Henri Dorgères créa d'abord en 1929 le « Comité de défense paysanne contre les assurances sociales » en Ille-et-Vilaine (opposé à la loi du 5 avril 1928, qui étendait le bénéfice des assurances sociales aux ouvriers agricoles). Henri Dorgères qui n’était pas paysan mais fils de boucher est devenu un journaliste formé à l’art oratoire par ses études de droit ; c’était un homme d'action. Après le Comité de défense paysanne en 1929, le Front paysan en 1934, les Jeunesses paysannes puis les Chemises vertes, en 1935 il est devenu le secrétaire général de la ‘Ligue des paysans de France’ et le délégué à la propagande du ‘Syndicat agricole de défense paysanne’. « Il se dotera en outre d'un appareil de propagande très efficace à travers de nombreuses publications agricoles parmi lesquelles ‘Le cri du sol’ et ‘Haut les fourches’ ! organe de ses Jeunesses paysannes[5].

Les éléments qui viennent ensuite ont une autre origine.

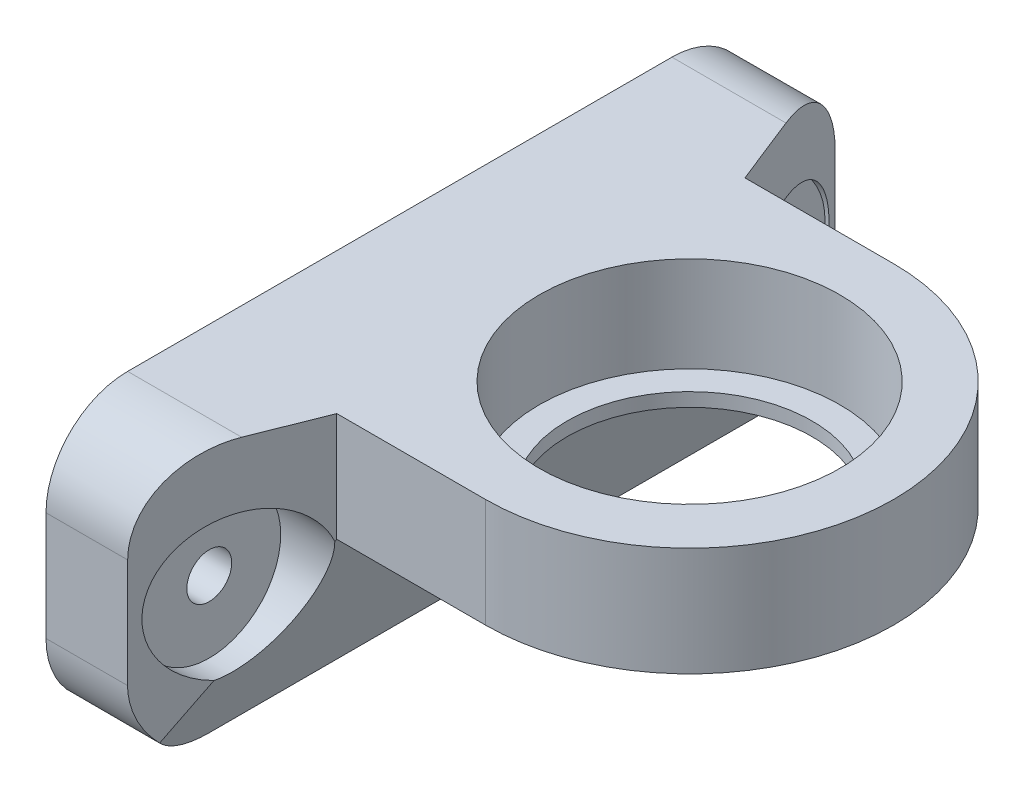
SolidWorks part; units mm, degrees
ref_plane "Plano frontal" through (0, 0, 0) normal (0, 0, 1) x (1, 0, 0)
ref_plane "Plano superior" through (0, 0, 0) normal (0, 1, 0) x (1, 0, 0)
ref_plane "Plano direito" through (0, 0, 0) normal (1, 0, 0) x (0, 0, -1)
sketch "Esboço1" plane through (0, 0, 0) normal (0, 0, 1) x (1, 0, 0)
  line L0 (0, 0) -> (6, 0)
  line L1 (49, 12) -> (49, 20)
  line L2 (49, 20) -> (0, 20)
  line L3 (6, 0) -> (10.3676, 12)
  line L5 (0, 20) -> (0, 0)
  line L7 (10.3676, 12) -> (49, 12)
  dimension "D1" = 20
  dimension "D2" = 8
  dimension "D3" = 6
  dimension "D4" = 20
extrude "Ressalto-extrusão1" add sketch "Esboço1" along normal blind 60
sketch "Esboço2" plane through (0, 12, 0) normal (0, -1, 0) x (1, 0, 0)
  line L1 (0, 60) -> (6, 60) construction
  line L2 (49, 60) -> (49, 0) construction
  line L3 (0, 60) -> (0, 0) construction
  line L4 (21.3, 15) -> (10.3676, 15)
  line L5 (10.3676, 45) -> (6, 56)
  line L6 (0, 4) -> (0, 0)
  line L7 (0, 0) -> (49, 0)
  line L8 (49, 0) -> (49, 60)
  line L9 (49, 60) -> (0, 60)
  line L10 (0, 60) -> (0, 56)
  line L11 (10.3676, 45) -> (21.3, 45)
  line L14 (10.3676, 60) -> (10.3676, 0) construction
  line L15 (6, 60) -> (6, 0) construction
  line L16 (6, 56) -> (0, 56)
  line L17 (49, 30) -> (-2.2635, 30) construction
  line L18 (6, 4) -> (0, 4)
  line L19 (10.3676, 15) -> (6, 4)
  circle A1 centre (21.3, 30) radius 9
  arc A2 (21.3, 15) -> (21.3, 45) centre (21.3, 30) ccw
  point P16 (49, 30)
  dimension "D1" = 18
  dimension "D2" = 21.3
  dimension "D3" = 30
  dimension "D4" = 52
extrude "Corte-extrusão1" cut sketch "Esboço2" against normal through all both and the other way through all
sketch "Esboço3" plane through (0, 0, 0) normal (-1, 0, 0) x (0, 0, 1)
  line L0 (56, 0) -> (4, 0) construction
  line L1 (45, 20) -> (15, 20) construction
  line L2 (30, 20) -> (30, 0) construction
  circle A0 centre (50, 10) radius 1.65
  circle A1 centre (10, 10) radius 1.65
  dimension "D1" = 3.3
  dimension "D2" = 10
  dimension "D3" = 40
extrude "Corte-extrusão2" cut sketch "Esboço3" against normal through all
sketch "Esboço4" plane through (0, 20, 0) normal (0, 1, 0) x (1, 0, 0)
  circle A0 centre (21.3, -30) radius 11.05
  dimension "D1" = 22.1
extrude "Corte-extrusão3" cut sketch "Esboço4" against normal blind 7
sketch "Esboço7" plane through (0, 0, 0) normal (1, 0, 0) x (0, 0, -1)
  circle A0 centre (-50, 10) radius 5.25
  circle A1 centre (-10, 10) radius 5.25
  dimension "D1" = 10.5
extrude "Corte-extrusão5" cut sketch "Esboço7" along normal blind 10 from offset 6
extrude "Corte-extrusão7" cut sketch "Esboço7<2>" along normal blind 1
sketch "Esboço7<2>" plane through (0, 0, 0) normal (1, 0, 0) x (0, 0, -1) same geometry as "Esboço7"
fillet "Filete1" radius 6 4 edges at (3, 0, 4) (3, 20, 4) (3, 20, 56) (3, 0, 56)

« Il y a comme un écho du fascisme dans l'exaltation de la force et de la résistance physique chez Dorgères, ses constants appels à l'action, au "nettoyage", au sacrifice, à l'unité, à l'héroïsme, et à son goût pour l'humiliation de l'ennemi[6]. Finalement, la volonté de créer une mobilisation se fondant plus sur les passions que sur la raison constitue une des marques de l'approche fasciste de la politique. Cependant, conclut Paxton, les conditions objectives d'épanouissement d'un fascisme rural, et en particulier la structure des opportunités politiques, ne permettaient pas l'essor d'un mouvement fasciste en France. L'autorité des notables locaux n'avait pas été suffisamment déstabilisée pour qu'ils soient contraints de s'allier à Dorgères. La puissance de l'État français n'avait pas été assez ébranlée pour offrir au mouvement une ouverture politique suffisante, contrairement aux paysans italiens, qui faute de réponses de la part de l'État seront tentés par la solution fasciste. Le dorgérisme va décliner pour ne pas avoir assuré le passage de la revendication du corporatisme à celle de la cogestion telle qu'elle sera mise en place par la Corporation paysanne sous Vichy puis aménagée par la FNSEA dans l'après-guerre.[]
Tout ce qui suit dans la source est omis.